Stor664_HW3

Chapter 4 (Faraway book) exercise 6

For the Charleston data set of Chapter 2, compute the diagnostics and assess the overall fit of the linear model.

rm(list=ls(all=TRUE)) 
d <- read.table('~/Dropbox/Statistics_study/STOR_664/data/charles.dat')

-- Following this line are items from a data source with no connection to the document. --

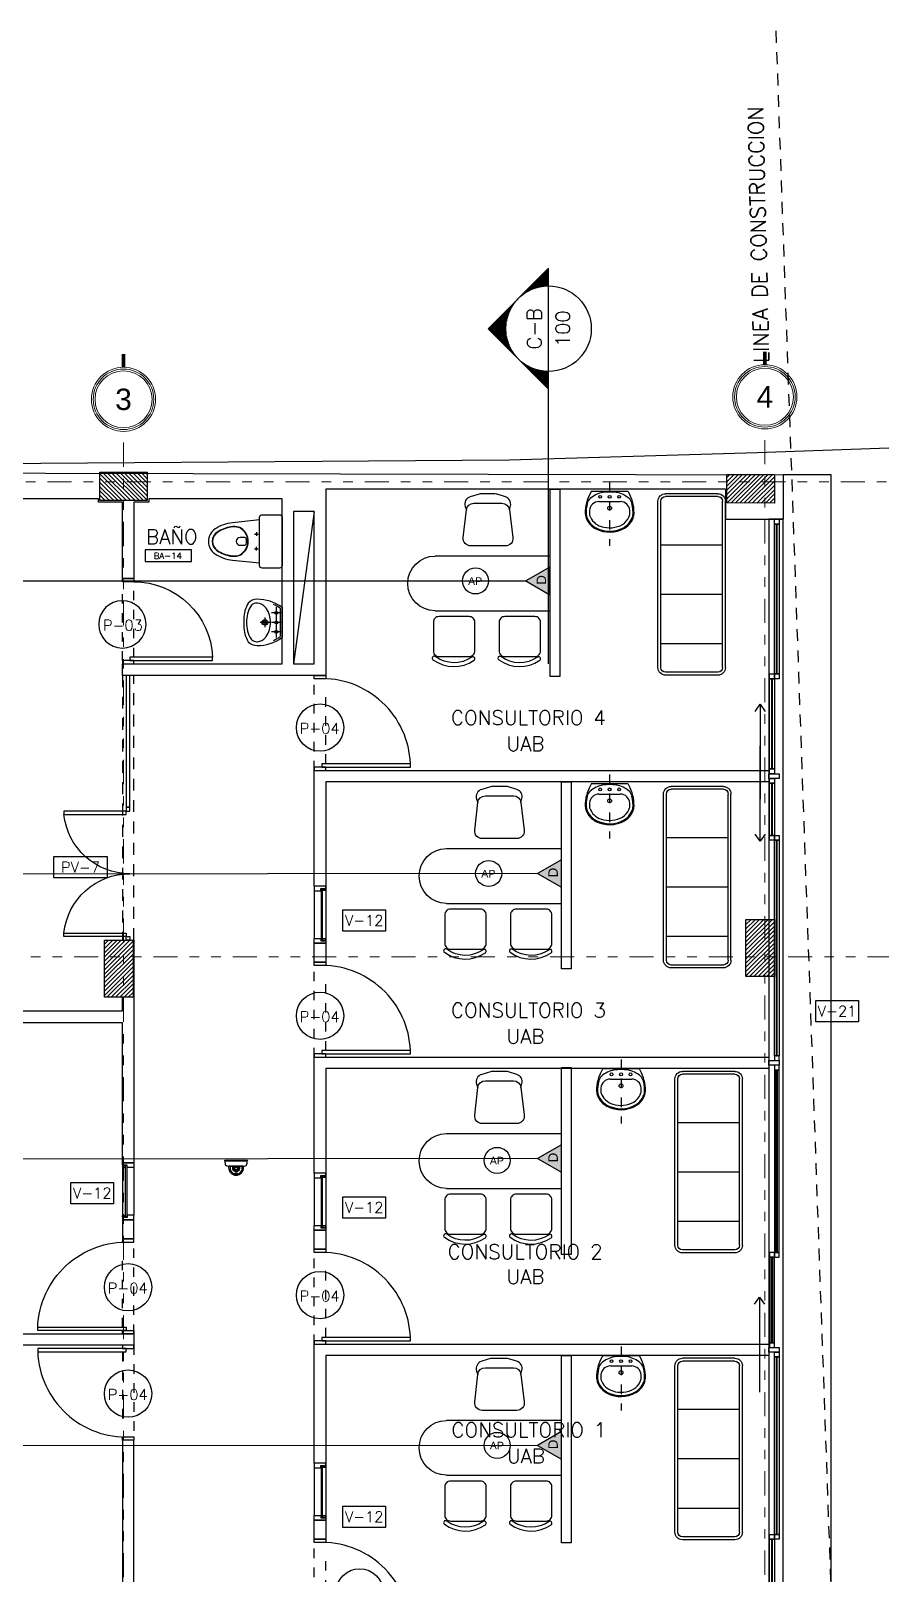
# Model space of a CAD drawing. Header units: millimetres. Extents: x 2056 to 4470, y 1400 to 3101.
# Drawn here: x 2175.39 to 2184.34, y 1539.32 to 1555.56 of the extents above; entities that cross this region are included whole.
import ezdxf
from ezdxf.enums import TextEntityAlignment as Align

# ---------------------------------------------------------------- set-up
doc = ezdxf.new("R2010")
doc.units = ezdxf.units.MM
for name, pattern in [('CENTER', [2, 1.25, -0.25, 0.25, -0.25]), ('DASHED', [0.75, 0.5, -0.25]), ('DIVIDE', [31.75, 12.7, -6.35, 0, -6.35, 0, -6.35]), ('HIDDEN', [9.525, 6.35, -3.175]), ('HIDDEN2', [0.1875, 0.125, -0.0625])]:
    doc.linetypes.add(name, pattern=pattern)
for name, color, linetype in [('0-PROYECCION', 8, 'HIDDEN2'), ('A-252', 252, 'Continuous'), ('A-253', 253, 'Continuous'), ('A-ANNO-DIMS-GRID', 195, 'Continuous'), ('A-ANNO-DOOR', 134, 'Continuous'), ('A-ANNO-GLAZ', 124, 'Continuous'), ('A-ANNO-SYMB', 195, 'Continuous'), ('A-ANNO-TEXT', 190, 'Continuous'), ('A-COLS', 6, 'Continuous'), ('A-COLS-HTCH', 8, 'Continuous'), ('A-DOOR', 154, 'Continuous'), ('A-DUCT', 251, 'Continuous'), ('A-FURN', 252, 'Continuous'), ('A-FURN-FIXD', 8, 'Continuous'), ('A-GLAZ', 5, 'Continuous'), ('A-GRID-COLS', 75, 'DIVIDE'), ('A-PROY', 15, 'HIDDEN'), ('A-WALL-SILL', 205, 'Continuous'), ('AreasTrabajo', 90, 'Continuous'), ('Cableado', 134, 'Continuous'), ('Camara', 11, 'Continuous')]:
    doc.layers.add(name, color=color, linetype=linetype)
doc.layers.add('A-WALL', color=16, linetype='Continuous', lineweight=30)
doc.styles.add('COTAS', font='romans.shx', dxfattribs={"width": 0.7})
doc.styles.add('NUEVO', font='SIMPLEX')
doc.styles.add('ROMAN', font='arial.ttf')
doc.styles.add('ROMANS', font='romans')
doc.styles.get("Standard").update_dxf_attribs({"font": 'arial.ttf'})
doc.styles.add('TEX2', font='simplex.shx')
doc.dimstyles.new('DIM75', dxfattribs={"dimtxt": 0.15, "dimasz": 0.075, "dimexe": 0, "dimexo": 0, "dimgap": 0.075, "dimtad": 1, "dimzin": 1, "dimdsep": 46, "dimtxsty": 'COTAS', "dimblk": 'ARCHTICK', "dimcen": 0, "dimse1": 1, "dimse2": 1, "dimclrd": 8, "dimclre": 8, "dimclrt": 54, "dimaunit": 1, "dimazin": 0, "dimtfac": 1, "dimtix": 1, "dimtmove": 1, "dimatfit": 3, "dimldrblk": 'DOT', "dimfxl": 1, "dimtvp": 1.75, "dimtolj": 1, "dimtzin": 4, "dimarcsym": 0})

# ---------------------------------------------------------------- blocks, each defined once
blk = doc.blocks.new('ESBOX')
for p, q in [((0, 0), (0, 1.212)), ((0.575, 1.212), (0.575, 0)), ((0.575, 0), (0, 0))]:
    blk.add_line(p, q)
for points, elevation in [([(0.636, 1.17, -0.414214), (0.696, 1.23), (0.997, 1.23, -0.414214), (1.057, 1.17), (1.057, 0.854, -0.414214), (0.997, 0.794), (0.696, 0.794, -0.414214), (0.636, 0.854)], -0.455), ([(1.096, 0.802, -1), (1.063, 0.825, 0.321147), (1.058, 1.21, -1), (1.09, 1.234, -0.321147)], -0.455), ([(-0.557, 0.652), (-0.557, 0.508, 0.378723), (-0.487, 0.429), (-0.197, 0.393, 0.450618), (-0.107, 0.472), (-0.107, 0.836, 0.448183), (-0.196, 0.915), (-0.486, 0.882, 0.381041), (-0.557, 0.803)], -1.049), ([(0.636, 0.478, -0.414214), (0.696, 0.538), (0.997, 0.538, -0.414214), (1.057, 0.478), (1.057, 0.162, -0.414214), (0.997, 0.102), (0.696, 0.102, -0.414214), (0.636, 0.162)], -0.455), ([(1.096, 0.11, -1), (1.063, 0.133, 0.321147), (1.058, 0.519, -1), (1.09, 0.542, -0.321147)], -0.455)]:
    blk.add_lwpolyline(points, format="xyb", close=True, dxfattribs=dict(elevation=elevation))
at = {"elevation": -1.049}
blk.add_lwpolyline([(-0.487, 0.429), (-0.529, 0.418, -0.396228), (-0.624, 0.472), (-0.651, 0.559, -0.075881), (-0.655, 0.583), (-0.655, 0.726, -0.070116), (-0.652, 0.748), (-0.625, 0.841, -0.429508), (-0.522, 0.895), (-0.486, 0.882)], format="xyb", dxfattribs=at)
blk.add_arc((0.287, 1.212), 0.288, 0, 180)
blk = doc.blocks.new('Lnov734p')
for p, q in [((-0.19, 0), (-0.215, -0.046)), ((-0.19, 0), (0.19, 0)), ((0.19, 0), (0.215, -0.046)), ((-0.112, -0.11), (0.112, -0.11)), ((-0.158, -0.391), (-0.146, -0.397)), ((-0.153, -0.382), (-0.142, -0.388))]:
    blk.add_line(p, q)
for centre, radius in [((-0.1, -0.06), 0.015), ((0, -0.18), 0.02), ((0, -0.06), 0.015), ((0.1, -0.06), 0.015)]:
    blk.add_circle(centre, radius)
for centre, radius, start, end in [((0.14, -0.225), 0.397, 153.2366, 185.1908), ((0.14, -0.225), 0.387, 165.7987, 183.085), ((-0.139, -0.155), 0.1, 131.0686, 165.7987), ((-0.112, -0.21), 0.1, 90, 176.5875), ((-0.018, -0.293), 0.284, 100.6374, 131.0686), ((0, -0.586), 0.576, 82.9944, 97.0056), ((0.018, -0.293), 0.284, 48.9314, 79.3626), ((0.112, -0.21), 0.1, 3.4125, 90), ((0.139, -0.155), 0.1, 14.2013, 48.9314), ((-0.14, -0.225), 0.397, 354.8092, 26.7634), ((-0.14, -0.225), 0.387, 354.8092, 14.2013), ((-0.04, -0.2), 0.224, 196.2861, 238.2877), ((-0.147, -0.24), 0.1, 183.085, 200.7802), ((-0.04, -0.2), 0.214, 200.7802, 238.2877), ((0.14, -0.225), 0.352, 176.5875, 184.6254), ((-0.04, -0.2), 0.179, 197.3522, 254.7067), ((0.04, -0.2), 0.179, 301.7123, 335.4879), ((0.04, -0.2), 0.214, 301.7123, 343.7139), ((0.04, -0.2), 0.224, 301.7123, 343.7139), ((0.112, -0.233), 0.1, 335.4879, 358.2317), ((-0.14, -0.225), 0.352, 358.2317, 3.4125), ((0, -0.111), 0.321, 242.8748, 299.3617), ((0, -0.111), 0.311, 242.8748, 299.3617), ((0, -0.111), 0.276, 251.4503, 299.3617)]:
    blk.add_arc(centre, radius, start, end)
at = {"layer": 'A-PROY', "ltscale": 0.01}
blk.add_lwpolyline([(0, 0.095), (0, -0.577)], dxfattribs=at)
blk = doc.blocks.new('CAMIL')
for p, q in [((-0.08, 0.355), (-1.83, 0.355)), ((-0.08, 0.325), (-1.83, 0.325)), ((-1.37, -0.325), (-1.37, 0.325)), ((-0.85, -0.325), (-0.85, 0.325)), ((-0.33, -0.325), (-0.33, 0.325)), ((-1.91, -0.275), (-1.91, 0.275)), ((-1.88, -0.275), (-1.88, 0.275)), ((-0.03, -0.275), (-0.03, 0.275)), ((0, -0.275), (0, 0.275)), ((-0.08, -0.325), (-1.83, -0.325)), ((-0.08, -0.355), (-1.83, -0.355))]:
    blk.add_line(p, q)
for centre, radius, start, end in [((-1.83, 0.275), 0.08, 90, 180), ((-1.83, 0.275), 0.05, 90, 180), ((-0.08, 0.275), 0.08, 0, 90), ((-0.08, 0.275), 0.05, 0, 90), ((-1.83, -0.275), 0.08, 180, 270), ((-1.83, -0.275), 0.05, 180, 270), ((-0.08, -0.275), 0.05, 270, 0), ((-0.08, -0.275), 0.08, 270, 0)]:
    blk.add_arc(centre, radius, start, end)
blk = doc.blocks.new('PUERTA1.00 CM-PL')
at = {"color": 251, "linetype": 'DASHED', "ltscale": 0.2}
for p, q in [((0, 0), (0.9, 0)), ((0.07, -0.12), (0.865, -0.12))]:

# x--- Mount Airy,  y--- Charston
names(d) <- c('year', "x", "y")
attach(d)

d.lm <- lm(y~x)
summary(d.lm)

## 
## Call:
## lm(formula = y ~ x)
## 
## Residuals:
##      Min       1Q   Median       3Q      Max 
## -1.39307 -0.22517  0.04767  0.22915  1.28841 
## 
## Coefficients:
##             Estimate Std. Error t value Pr(>|t|)    
## (Intercept) 13.63641    2.25682   6.042 2.32e-07 ***
## x            0.56790    0.09595   5.918 3.58e-07 ***
## ---
## Signif. codes:  0 '***' 0.001 '**' 0.01 '*' 0.05 '.' 0.1 ' ' 1
## 
## Residual standard error: 0.447 on 47 degrees of freedom
## Multiple R-squared:  0.427,  Adjusted R-squared:  0.4148 
## F-statistic: 35.03 on 1 and 47 DF,  p-value: 3.577e-07

alpha_hat <- summary(d.lm)$coefficients[1,1]
beta_hat <- summary(d.lm)$coefficients[2,1]
plot(x, summary(d.lm)$coefficients[1,1]+summary(d.lm)$coefficients[2,1]*x, type='l', ylab='Charston', xlab='Mount Airy', main = "Fitted line v.s. Original data points")
points(x,y,col=2)

(1) Check the leverage:

X = model.matrix(~x , d)
XtXi = solve(t(X) %*% X) 
hat = X %*% XtXi %*% t(X)

n = dim(X)[1]
p = dim(X)[2]

# ith diagnoal of hat matrix
hii = diag(hat)
# whether the ith point has a high leverage
plot(year, hii, ylab="leverage"); abline(2*p/n,0)

which((hii>2*p/n) == TRUE) #index of the elements with a high leverage

##  5 20 25 40 
##  5 20 25 40

x[hii > 2*p/n]  #x value of the elements with a high leverage

## [1] 24.8 22.3 22.3 25.0

year[hii > 2*p/n] #year of the elements with a high leverage

## [1] 1952 1967 1972 1987

So the 5, 20, 25, 40-th observations have high leverage. They correspond to year 1952, 1967, 1972, 1987 with Mount Airy temperature 24.8, 22.3, 22.3, 25, respectively.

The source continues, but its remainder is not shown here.